# Frogs & Toads > Other Frogs & Toads >  Identify the speice please?

## Voliminal

Hello people! I recently bought this frog, cuz I realy liked the red that he had on the top of his eyes!

Can you recognize what kind is he?






Sorry for the quality, I don't have any better picture... I hope you can see the red on the top of his eyes in the second pic!


The guy that i bought it from told me that its from the genus Hyperolius.
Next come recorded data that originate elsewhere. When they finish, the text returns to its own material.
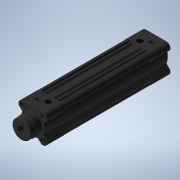
# Autodesk Inventor part: 1463250 DSBC-32-100-PPVA_(Z_0)
Saved by Autodesk Inventor 2021 (Build 250183000, 183)
## iProperties
Created: 2025-06-06
Part Number: 1463250 DSBC-32-100-PPVA_(Z_0)
Material: Generic
Catalog Web Link: www.cadenas.de
Description: DSBC_Z-Standard cylinder
Vendor: FESTO
Document SubType Name: Modeling
Designer: psAdmin
Manufacturer: FESTO
Mass: 206.246 g
Surface Area: 742.024 cm^2
Volume: 206.246 cm^3
Density: 1 g/cm^3
Appearance: PSOLRGB-175-175-175
Category: PARTsolutions
Company: FESTO
Title: 1463250 DSBC-100-PPVA_(Z_0)
Author: Cadenas PARTsolutions
Comments: Standard cylinder
PSOL_IDENT_0: {$CADENAS_DATA/23d-libs/festo/parts/d/dsbc/parts/dsbc_zyl.prj},244 {VTYP=3D},{NB=1463250 DSBC-32-100
PSOL_IDENT_1: -PPVA_(Z_0)},{LINA=1463250 DSBC-100-PPVA_(Z_0)},{NN=DSBC_Z},{DATE=30.04.2025 10:56:05},{GEOMDATE=16.
PSOL_IDENT_2: 09.2024 09:32:00},{VERSION=},{LINEID=10},{WBVAR=HUB,VER,END,DAE,DAEALG,KA,PRFA,TB,PAR},{WBNUMERIC=HU
PSOL_IDENT_3: B,DAEALG}  {NB=1463250 DSBC-32-100-PPVA_(Z_0)},{LINA=1463250 DSBC-100-PPVA_(Z_0)},{KT=DUMMY},{TNR=14
PSOL_IDENT_4: 63250},{TYP=DSBC},{KDM=32},{HUB=100},{HUBMAX=2800},{VER=-},{VER1='-','Q'},{VERT=},{END=-},{END1='-','
PSOL_IDENT_5: E1','E2','E3'},{ENDT=},{DAE=PPV},{DAE1='P','PPV','PPS'},{DAEALG=0},{KA=-},{KAT=},{PRFA=-},{PRFAT=},{
PSOL_IDENT_6: TB=-},{TBT=},{PAR=-},{PART=},{A1=35},{A2=500},{A=22},{AM=22},{AF=12},{B=30},{BA=30},{BG=16},{E=45},{
PSOL_IDENT_7: EE=G1/8},{EEK=9.728},{G=28.0},{J=28.0},{H1=5},{KF=M6},{KFK=6.000},{KK=M10x1.25},{KKDM=10.000},{KKP=1
PSOL_IDENT_8: .250},{L2=18.0},{L3=4.0},{L7=6.5},{L8N=94.000},{L8=194.000},{MM=12},{PL=19.5},{RT=M6},{RTK=6.000},{T
PSOL_IDENT_9: G=32.5},{U1=5.25},{U2=5.70},{VA=4},{VD=10.0},{W1=6.5},{W20=2.6},{WH=26.0},{WL=6.0},{ZJN=119.100},{ZJ=
PSOL_IDENT_10: 219.100},{ZMN=146.100},{ZM=346.100},{SW1=10},{SW2=16},{SW3=6},{D1=6.4},{D2=9.000},{D3=9.500},{T1=16.
PSOL_IDENT_11: 0},{T2=2.6},{R1=6.250},{R2=36.500},{B1=29.000},{L10=12.500},{L11=10.000},{L12=17.200},{L13=8.800},{L
PSOL_IDENT_12: 14=21.000},{L16=18.700},{L18=5.500},{SW6=6.000},{M1=6.000},{ANG=30.000},{D100=7.400},{L100=0.300},{B
PSOL_IDENT_13: E1=10.000},{E1=11.500},{HE=2.100},{HU=17.750},{LU=13.700},{RK=0.500},{RI=18.000},{R1I=6.000},{QH=10.
PSOL_IDENT_14: 000},{QR=1.000},{L101=0.000},{L102=0.000},{EB=46.500},{D3E=44.500},{RD3=45.000},{WD3=12.500},{D3HU1=
PSOL_IDENT_15: 17.750},{D3HU2=18.800},{D3X=41.500},{D3Y=31.000},{L4=14.000},{L5=14.000},{LD1=13.000},{LD2=3.000},{L
PSOL_IDENT_16: H1=57.500},{FDTB1DAMT=30},{L103=0.000},{HY1=0.000},{LX1=0.000},{LU2=13.700},{D3HU3=4.500},{LX2=0.000
PSOL_IDENT_17: },{HY2=0.000},{LX3=0.000},{RI2=18.000}
NB: 1463250 DSBC-32-100-PPVA_(Z_0)
NN: DSBC_Z
NT: Standard cylinder
NBSYN: $TNR. $TYP.-$KDM.$VERT.$ENDT.-$HUB.$KAT.$PRFAT.$TBT.$PART.-$DAE.A_(Z_$DAEALG.)
LINA: 1463250 DSBC-100-PPVA_(Z_0)
CATALOG: Festo
TNR: 1463250
TYP: DSBC
KDM: 32
HUB: 100
HUBMAX: 2800
VER: -
VER1: '-','Q'
END: -
DAE: PPV
DAE1: 'P','PPV','PPS'
DAEALG: 0
KA: -
PRFA: -
TB: -
PAR: -
A1: 35
A2: 500
A: 22
AM: 22
AF: 12
B: 30
BA: 30
BG: 16
E: 45
EE: G1/8
EEK: 9.728
G: 28
J: 28
H1: 5
KF: M6
KFK: 6
KK: M10x1.25
KKDM: 10
KKP: 1.25
L2: 18
L3: 4
L7: 6.5
L8N: 94
MM: 12
PL: 19.5
RT: M6
RTK: 6
TG: 32.5
U1: 5.25
U2: 5.7
VA: 4
VD: 10
W1: 6.5
W20: 2.6
WH: 26
WL: 6
ZJN: 119.1
ZMN: 146.1
SW1: 10
SW2: 16
SW3: 6
D1: 6.4
D2: 9
D3: 9.5
T1: 16
T2: 2.6
R1: 6.25
R2: 36.5
B1: 29
L10: 12.5
L11: 10
L12: 17.2
L13: 8.8
L14: 21
L16: 18.7
L18: 5.5
SW6: 6
M1: 6
ANG: 30
D100: 7.4
L100: 0.3
BE1: 10
E1: 11.5
HE: 2.1
HU: 17.75
LU: 13.7
RK: 0.5
RI: 18
R1I: 6
QH: 10
QR: 1
L101: 0
L102: 0
EB: 46.5
D3E: 44.5
RD3: 45
WD3: 12.5
D3HU1: 17.75
D3HU2: 18.8
D3X: 41.5
D3Y: 31
L4: 14
L5: 14
LD1: 13
LD2: 3
LH1: 57.5
FDTB1DAMT: 30
L103: 0
HY1: 0
LX1: 0
LU2: 13.7
D3HU3: 4.5
LX2: 0
HY2: 0
LX3: 0
RI2: 18
SUPPLIER: FESTO
ARTICLENO: 1463250 DSBC-32-100-PPVA_(Z_0)
BOMINFO: 1463250 DSBC-100-PPVA_(Z_0)
CREATOR: CADENAS GmbH
Autodesk Inventor part; units mm, degrees
ref_plane "YZ Plane" through (0, 0, 0) normal (1, 0, 0) x (0, 1, 0)
ref_plane "XZ Plane" through (0, 0, 0) normal (0, 1, 0) x (-1, 0, 0)
ref_plane "XY Plane" through (0, 0, 0) normal (0, 0, 1) x (1, 0, 0)
sketch "Sketch_1" plane through (0, 0, -28) normal (0, 0, 1) x (1, 0, 0)
  arc A0 (-22.5, 14.0754) -> (-22.2071, 13.3683) centre (-21.5, 14.0754) ccw
  line L0 (-22.2071, 13.3683) -> (-17.0289, 8.1901)
  arc A1 (-16.8147, 7.0943) -> (-17.0289, 8.1901) centre (-17.736, 7.483) ccw
  arc A2 (-16.8147, 7.0943) -> (-16.8147, -7.0943) centre (0, 0) ccw
  arc A3 (-17.0289, -8.1901) -> (-16.8147, -7.0943) centre (-17.736, -7.483) ccw
  line L1 (-17.0289, -8.1901) -> (-22.2071, -13.3683)
  arc A4 (-22.2071, -13.3683) -> (-22.5, -14.0754) centre (-21.5, -14.0754) ccw
  line L2 (-22.5, -14.0754) -> (-22.5, -16.25)
  arc A5 (-22.5, -16.25) -> (-16.25, -22.5) centre (-16.25, -16.25) ccw
  line L3 (-16.25, -22.5) -> (-14.0754, -22.5)
  arc A6 (-14.0754, -22.5) -> (-13.3683, -22.2071) centre (-14.0754, -21.5) ccw
  line L4 (-13.3683, -22.2071) -> (-8.1901, -17.0289)
  arc A7 (-7.0943, -16.8147) -> (-8.1901, -17.0289) centre (-7.483, -17.736) ccw
  arc A8 (-7.0943, -16.8147) -> (7.0943, -16.8147) centre (0, 0) ccw
  arc A9 (8.1901, -17.0289) -> (7.0943, -16.8147) centre (7.483, -17.736) ccw
  line L5 (8.1901, -17.0289) -> (13.3683, -22.2071)
  arc A10 (13.3683, -22.2071) -> (14.0754, -22.5) centre (14.0754, -21.5) ccw
  line L6 (14.0754, -22.5) -> (16.25, -22.5)
  arc A11 (16.25, -22.5) -> (22.5, -16.25) centre (16.25, -16.25) ccw
  line L7 (22.5, -16.25) -> (22.5, -14.0754)
  arc A12 (22.5, -14.0754) -> (22.2071, -13.3683) centre (21.5, -14.0754) ccw
  line L8 (22.2071, -13.3683) -> (17.0289, -8.1901)
  arc A13 (16.8147, -7.0943) -> (17.0289, -8.1901) centre (17.736, -7.483) ccw
  arc A14 (16.8147, -7.0943) -> (16.8147, 7.0943) centre (0, 0) ccw
  arc A15 (17.0289, 8.1901) -> (16.8147, 7.0943) centre (17.736, 7.483) ccw
  line L9 (17.0289, 8.1901) -> (22.2071, 13.3683)
  arc A16 (22.2071, 13.3683) -> (22.5, 14.0754) centre (21.5, 14.0754) ccw
  line L10 (22.5, 14.0754) -> (22.5, 16.25)
  arc A17 (22.5, 16.25) -> (16.25, 22.5) centre (16.25, 16.25) ccw
  line L11 (16.25, 22.5) -> (-16.25, 22.5)
  arc A18 (-16.25, 22.5) -> (-22.5, 16.25) centre (-16.25, 16.25) ccw
  line L12 (-22.5, 16.25) -> (-22.5, 14.0754)
  constraints: 38 point on circle, 26 end point, 19 centre point
extrude "Extrusion1" add sketch "Sketch_1" along normal blind 28
sketch "Sketch_8" plane through (0, 0, -28) normal (0, 0, 1) x (1, 0, 0)
  line L0 (-22.25, 13.7647) -> (-16.641, 8.1557)
  arc A0 (-16.5402, 7.5936) -> (-16.641, 8.1557) centre (-16.9946, 7.8022) ccw
  arc A1 (-16.5402, 7.5936) -> (-16.5402, -7.5936) centre (0, 0) ccw
  arc A2 (-16.641, -8.1557) -> (-16.5402, -7.5936) centre (-16.9946, -7.8022) ccw
  line L1 (-16.641, -8.1557) -> (-22.25, -13.7647)
  line L2 (-22.25, -13.7647) -> (-22.25, -16.25)
  arc A3 (-22.25, -16.25) -> (-16.25, -22.25) centre (-16.25, -16.25) ccw
  line L3 (-16.25, -22.25) -> (-13.7647, -22.25)
  line L4 (-13.7647, -22.25) -> (-8.1557, -16.641)
  arc A4 (-7.5936, -16.5402) -> (-8.1557, -16.641) centre (-7.8022, -16.9946) ccw
  arc A5 (-7.5936, -16.5402) -> (7.5936, -16.5402) centre (0, 0) ccw
  arc A6 (8.1557, -16.641) -> (7.5936, -16.5402) centre (7.8022, -16.9946) ccw
  line L5 (8.1557, -16.641) -> (13.7647, -22.25)
  line L6 (13.7647, -22.25) -> (16.25, -22.25)
  arc A7 (16.25, -22.25) -> (22.25, -16.25) centre (16.25, -16.25) ccw
  line L7 (22.25, -16.25) -> (22.25, -13.7647)
  line L8 (22.25, -13.7647) -> (16.641, -8.1557)
  arc A8 (16.5402, -7.5936) -> (16.641, -8.1557) centre (16.9946, -7.8022) ccw
  arc A9 (16.5402, -7.5936) -> (16.5402, 7.5936) centre (0, 0) ccw
  arc A10 (16.641, 8.1557) -> (16.5402, 7.5936) centre (16.9946, 7.8022) ccw
  line L9 (16.641, 8.1557) -> (22.25, 13.7647)
  line L10 (22.25, 13.7647) -> (22.25, 16.25)
  arc A11 (22.25, 16.25) -> (16.25, 22.25) centre (16.25, 16.25) ccw
  line L11 (16.25, 22.25) -> (-16.25, 22.25)
  arc A12 (-16.25, 22.25) -> (-22.25, 16.25) centre (-16.25, 16.25) ccw
  line L12 (-22.25, 16.25) -> (-22.25, 13.7647)
  constraints: 26 end point, 26 point on circle, 13 centre point
extrude "Extrusion2" add sketch "Sketch_8" against normal blind 138
sketch "Sketch_25" plane through (0, 0, -28) normal (0, 0, 1) x (1, 0, 0)
  line L0 (-27, -27) -> (27, -27)
  line L1 (27, -27) -> (27, 27)
  line L2 (27, 27) -> (-27, 27)
  line L3 (-27, 27) -> (-27, -27)
  arc A0 (-22.25, 15.4099) -> (-22.05, 15.0635) centre (-21.85, 15.4099) ccw
  line L4 (-22.05, 15.0635) -> (-20.288, 14.0462)
  arc A1 (-20.2051, 13.9826) -> (-20.288, 14.0462) centre (-20.488, 13.6997) ccw
  line L5 (-20.2051, 13.9826) -> (-15.7255, 9.503)
  arc A2 (-15.6445, 8.9022) -> (-15.7255, 9.503) centre (-16.0791, 9.1495) ccw
  arc A3 (-15.6445, 8.9022) -> (-15.6445, -8.9022) centre (0, 0) ccw
  arc A4 (-15.7255, -9.503) -> (-15.6445, -8.9022) centre (-16.0791, -9.1495) ccw
  line L6 (-15.7255, -9.503) -> (-20.2424, -14.0198)
  line L7 (-20.2424, -14.0198) -> (-22.05, -15.0635)
  arc A5 (-22.05, -15.0635) -> (-22.25, -15.4099) centre (-21.85, -15.4099) ccw
  line L8 (-22.25, -15.4099) -> (-22.25, -16.25)
  arc A6 (-22.25, -16.25) -> (-16.25, -22.25) centre (-16.25, -16.25) ccw
  line L9 (-16.25, -22.25) -> (-15.4099, -22.25)
  arc A7 (-15.4099, -22.25) -> (-15.0635, -22.05) centre (-15.4099, -21.85) ccw
  line L10 (-15.0635, -22.05) -> (-14.0462, -20.288)
  arc A8 (-13.9826, -20.2051) -> (-14.0462, -20.288) centre (-13.6997, -20.488) ccw
  line L11 (-13.9826, -20.2051) -> (-9.503, -15.7255)
  arc A9 (-8.9022, -15.6445) -> (-9.503, -15.7255) centre (-9.1495, -16.0791) ccw
  arc A10 (-8.9022, -15.6445) -> (8.9022, -15.6445) centre (0, 0) ccw
  arc A11 (9.503, -15.7255) -> (8.9022, -15.6445) centre (9.1495, -16.0791) ccw
  line L12 (9.503, -15.7255) -> (13.9826, -20.2051)
  arc A12 (14.0462, -20.288) -> (13.9826, -20.2051) centre (13.6997, -20.488) ccw
  line L13 (14.0462, -20.288) -> (15.0635, -22.05)
  arc A13 (15.0635, -22.05) -> (15.4099, -22.25) centre (15.4099, -21.85) ccw
  line L14 (15.4099, -22.25) -> (16.25, -22.25)
  arc A14 (16.25, -22.25) -> (22.25, -16.25) centre (16.25, -16.25) ccw
  line L15 (22.25, -16.25) -> (22.25, -15.4099)
  arc A15 (22.25, -15.4099) -> (22.05, -15.0635) centre (21.85, -15.4099) ccw
  line L16 (22.05, -15.0635) -> (20.2424, -14.0198)
  line L17 (20.2424, -14.0198) -> (15.7255, -9.503)
  arc A16 (15.6445, -8.9022) -> (15.7255, -9.503) centre (16.0791, -9.1495) ccw
  arc A17 (15.6445, -8.9022) -> (15.6445, 8.9022) centre (0, 0) ccw
  arc A18 (15.7255, 9.503) -> (15.6445, 8.9022) centre (16.0791, 9.1495) ccw
  line L18 (15.7255, 9.503) -> (20.2051, 13.9826)
  arc A19 (20.288, 14.0462) -> (20.2051, 13.9826) centre (20.488, 13.6997) ccw
  line L19 (20.288, 14.0462) -> (22.05, 15.0635)
  arc A20 (22.05, 15.0635) -> (22.25, 15.4099) centre (21.85, 15.4099) ccw
  line L20 (22.25, 15.4099) -> (22.25, 16.25)
  arc A21 (22.25, 16.25) -> (16.25, 22.25) centre (16.25, 16.25) ccw
  line L21 (16.25, 22.25) -> (15.4099, 22.25)
  arc A22 (15.4099, 22.25) -> (15.0635, 22.05) centre (15.4099, 21.85) ccw
  line L22 (15.0635, 22.05) -> (14.082, 20.35)
  arc A23 (13.7356, 20.15) -> (14.082, 20.35) centre (13.7356, 20.55) ccw
  line L23 (13.7356, 20.15) -> (13.4713, 20.15)
  arc A24 (12.4107, 20.5893) -> (13.4713, 20.15) centre (13.4713, 21.65) ccw
  line L24 (12.4107, 20.5893) -> (10.8672, 22.1328)
  arc A25 (10.8672, 22.1328) -> (10.5843, 22.25) centre (10.5843, 21.85) ccw
  line L25 (10.5843, 22.25) -> (9.85, 22.25)
  arc A26 (9.85, 22.25) -> (9.45, 21.85) centre (9.85, 21.85) ccw
  line L26 (9.45, 21.85) -> (9.45, 21.15)
  arc A27 (9.45, 21.15) -> (9.65, 20.95) centre (9.65, 21.15) ccw
  line L27 (9.65, 20.95) -> (9.9, 20.95)
  arc A28 (10.1, 20.75) -> (9.9, 20.95) centre (9.9, 20.75) ccw
  line L28 (10.1, 20.75) -> (10.1, 18.15)
  arc A29 (9.7, 17.75) -> (10.1, 18.15) centre (9.7, 18.15) ccw
  line L29 (9.7, 17.75) -> (4, 17.75)
  arc A30 (3.6, 18.15) -> (4, 17.75) centre (4, 18.15) ccw
  line L30 (3.6, 18.15) -> (3.6, 20.75)
  arc A31 (3.8, 20.95) -> (3.6, 20.75) centre (3.8, 20.75) ccw
  line L31 (3.8, 20.95) -> (4.05, 20.95)
  arc A32 (4.05, 20.95) -> (4.25, 21.15) centre (4.05, 21.15) ccw
  line L32 (4.25, 21.15) -> (4.25, 21.85)
  arc A33 (4.25, 21.85) -> (3.85, 22.25) centre (3.85, 21.85) ccw
  line L33 (3.85, 22.25) -> (-3.85, 22.25)
  arc A34 (-3.85, 22.25) -> (-4.25, 21.85) centre (-3.85, 21.85) ccw
  line L34 (-4.25, 21.85) -> (-4.25, 21.15)
  arc A35 (-4.25, 21.15) -> (-4.05, 20.95) centre (-4.05, 21.15) ccw
  line L35 (-4.05, 20.95) -> (-3.8, 20.95)
  arc A36 (-3.6, 20.75) -> (-3.8, 20.95) centre (-3.8, 20.75) ccw
  line L36 (-3.6, 20.75) -> (-3.6, 18.15)
  arc A37 (-4, 17.75) -> (-3.6, 18.15) centre (-4, 18.15) ccw
  line L37 (-4, 17.75) -> (-9.7, 17.75)
  arc A38 (-10.1, 18.15) -> (-9.7, 17.75) centre (-9.7, 18.15) ccw
  line L38 (-10.1, 18.15) -> (-10.1, 20.75)
  arc A39 (-9.9, 20.95) -> (-10.1, 20.75) centre (-9.9, 20.75) ccw
  line L39 (-9.9, 20.95) -> (-9.65, 20.95)
  arc A40 (-9.65, 20.95) -> (-9.45, 21.15) centre (-9.65, 21.15) ccw
  line L40 (-9.45, 21.15) -> (-9.45, 21.85)
  arc A41 (-9.45, 21.85) -> (-9.85, 22.25) centre (-9.85, 21.85) ccw
  line L41 (-9.85, 22.25) -> (-10.5843, 22.25)
  arc A42 (-10.5843, 22.25) -> (-10.8672, 22.1328) centre (-10.5843, 21.85) ccw
  line L42 (-10.8672, 22.1328) -> (-12.4107, 20.5893)
  arc A43 (-13.4713, 20.15) -> (-12.4107, 20.5893) centre (-13.4713, 21.65) ccw
  line L43 (-13.4713, 20.15) -> (-13.7356, 20.15)
  arc A44 (-14.082, 20.35) -> (-13.7356, 20.15) centre (-13.7356, 20.55) ccw
  line L44 (-14.082, 20.35) -> (-15.0635, 22.05)
  arc A45 (-15.0635, 22.05) -> (-15.4099, 22.25) centre (-15.4099, 21.85) ccw
  line L45 (-15.4099, 22.25) -> (-16.25, 22.25)
  arc A46 (-16.25, 22.25) -> (-22.25, 16.25) centre (-16.25, 16.25) ccw
  line L46 (-22.25, 16.25) -> (-22.25, 15.4099)
  constraints: 94 end point, 94 point on circle, 47 centre point
extrude "Extrusion3" cut sketch "Sketch_25" against normal blind 138
sketch "Sketch_51" plane through (0, 0, -194) normal (0, 0, 1) x (1, 0, 0)
  arc A0 (-22.5, 14.0754) -> (-22.2071, 13.3683) centre (-21.5, 14.0754) ccw
  line L0 (-22.2071, 13.3683) -> (-17.0289, 8.1901)
  arc A1 (-16.8147, 7.0943) -> (-17.0289, 8.1901) centre (-17.736, 7.483) ccw
  arc A2 (-16.8147, 7.0943) -> (-16.8147, -7.0943) centre (0, 0) ccw
  arc A3 (-17.0289, -8.1901) -> (-16.8147, -7.0943) centre (-17.736, -7.483) ccw
  line L1 (-17.0289, -8.1901) -> (-22.2071, -13.3683)
  arc A4 (-22.2071, -13.3683) -> (-22.5, -14.0754) centre (-21.5, -14.0754) ccw
  line L2 (-22.5, -14.0754) -> (-22.5, -16.25)
  arc A5 (-22.5, -16.25) -> (-16.25, -22.5) centre (-16.25, -16.25) ccw
  line L3 (-16.25, -22.5) -> (-14.0754, -22.5)
  arc A6 (-14.0754, -22.5) -> (-13.3683, -22.2071) centre (-14.0754, -21.5) ccw
  line L4 (-13.3683, -22.2071) -> (-8.1901, -17.0289)
  arc A7 (-7.0943, -16.8147) -> (-8.1901, -17.0289) centre (-7.483, -17.736) ccw
  arc A8 (-7.0943, -16.8147) -> (7.0943, -16.8147) centre (0, 0) ccw
  arc A9 (8.1901, -17.0289) -> (7.0943, -16.8147) centre (7.483, -17.736) ccw
  line L5 (8.1901, -17.0289) -> (13.3683, -22.2071)
  arc A10 (13.3683, -22.2071) -> (14.0754, -22.5) centre (14.0754, -21.5) ccw
  line L6 (14.0754, -22.5) -> (16.25, -22.5)
  arc A11 (16.25, -22.5) -> (22.5, -16.25) centre (16.25, -16.25) ccw
  line L7 (22.5, -16.25) -> (22.5, -14.0754)
  arc A12 (22.5, -14.0754) -> (22.2071, -13.3683) centre (21.5, -14.0754) ccw
  line L8 (22.2071, -13.3683) -> (17.0289, -8.1901)
  arc A13 (16.8147, -7.0943) -> (17.0289, -8.1901) centre (17.736, -7.483) ccw
  arc A14 (16.8147, -7.0943) -> (16.8147, 7.0943) centre (0, 0) ccw
  arc A15 (17.0289, 8.1901) -> (16.8147, 7.0943) centre (17.736, 7.483) ccw
  line L9 (17.0289, 8.1901) -> (22.2071, 13.3683)
  arc A16 (22.2071, 13.3683) -> (22.5, 14.0754) centre (21.5, 14.0754) ccw
  line L10 (22.5, 14.0754) -> (22.5, 16.25)
  arc A17 (22.5, 16.25) -> (16.25, 22.5) centre (16.25, 16.25) ccw
  line L11 (16.25, 22.5) -> (-16.25, 22.5)
  arc A18 (-16.25, 22.5) -> (-22.5, 16.25) centre (-16.25, 16.25) ccw
  line L12 (-22.5, 16.25) -> (-22.5, 14.0754)
  constraints: 38 point on circle, 26 end point, 19 centre point
extrude "Extrusion4" add sketch "Sketch_51" along normal blind 28
sketch "Sketch_3" plane through (0, 0, 0) normal (1, 0, 0) x (0, 1, 0)
  line L0 (0, 0) -> (0, 18)
  line L1 (0, 18) -> (13.8691, 18)
  line L2 (13.8691, 18) -> (14.3691, 17.5)
  line L3 (14.3691, 17.5) -> (14.4911, 10.5089)
  line L4 (14.4911, 10.5089) -> (15, 10)
  line L5 (15, 10) -> (15, 0)
  line L6 (15, 0) -> (0, 0)
  line L7 (0, 0) -> (0, 18)
  constraints: 16 end point
revolve "Revolution1" add sketch "Sketch_3" angle 360 about axis through (0, 0, 0) along (0, 0, -1)
sketch "Sketch6" plane through (-16.25, 22.5, -28) normal (0, 1, 0) x (1, 0, 0)
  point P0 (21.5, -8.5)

But I need to know how to care that frog, and I need to find a care sheet.

----------


## Voliminal



----------


## Paul Rust

*Big-Eyed tree frog  (Leptopelis. vermiculatus)*

*At least until Kurt sees it..lol*

----------


## Kurt

I am leaning towards Leptopelis as well, not sure of the species. I looked in my African field guides and found nothing. Try looking here - http://calphotos.berkeley.edu/fauna/sci-Amphibian.html. Search through the _Leptopelis_, if you don't find it, then try _Hyperolius_, _Afrixalus_, or _Heterixalus_. Get back to us if you are unsuccessful.

----------


## Paul Rust

*Leptopelis boulengeri  (Victoria Forest Treefrog)
This looks very close, let us know what you think.*

----------


## Kurt

Eyes, yes. Markings, no.

----------


## Paul Rust

> Eyes, yes. Markings, no.


 *Poopy*

----------


## Voliminal

??? 

I didn't get Kurt's post xD

----------


## Paul Rust

> ??? 
> 
> I didn't get Kurt's post xD


* He says I got the eyes right but not the markings. Kurt is the expert on these guys, I can only get close.*

----------


## cricketfrog30

im bitting my tonge iknow what is :Big Grin:  :Confused:

----------


## Kurt

What is it then?

----------


## Terry

> Search through the _Leptopelis_, if you don't find it, then try _Hyperolius_, _Afrixalus_, or _Heterixalus_. Get back to us if you are unsuccessful.


You can rule out Hyperolius, they have horizontally elliptical pupils.

----------


## Paul Rust

> im bitting my tonge iknow what is


* Do Tell*

----------


## KennyDB

Leptopelis calcaratus?

----------


## Paul Rust

_Leptopelis occidentalis ?_

----------


## Paul Rust

> im bitting my tonge iknow what is


 *If you know difinitively what it is please tell us so the OP can properly care for it.* *We are here to help, not to see who is the smartest.* 

*Voliminal, I think we all can agree on genus and should be close enough for care purposes. We will keep banging away at this until we gat it.*

----------


## Kurt

> *We are here to help, not to see who is the smartest.*


So true. Besides we all know that I am the smartest, hands down!!!  :Big Grin:

----------


## Paul Rust

> So true. Besides we all know that I am the smartest, hands down!!!


 *Modesty is your most endearing trait...* :Wink:

----------


## Kurt

I know, I know. Thankfully, I am not conceited, even though I have every right to be.  :Big Grin:

----------


## Ebony

Lol, No..not at all conceited, Thankfully  :Big Grin:

----------


## Voliminal

Ok Ok! I'm waiting xD

The seller still sais it's Hypolerius..

----------


## Paul Rust

> Ok Ok! I'm waiting xD
> 
> The seller still sais it's Hypolerius..


 *Nope, it is definately a species of Leptopelis*

----------


## Chaya

Definitely Leptopelis... no doubt there

----------


## Buck Rogers

There's so many different _leptopelis_ that to try and accurately pin point the exact species without knowing locality would be extremely difficult. 

You know now that it is a _leptopelis_ so just follow the correct husbandry, has it been eating?

----------


## Chaya

my best guess... *Leptopelis parkeri*

----------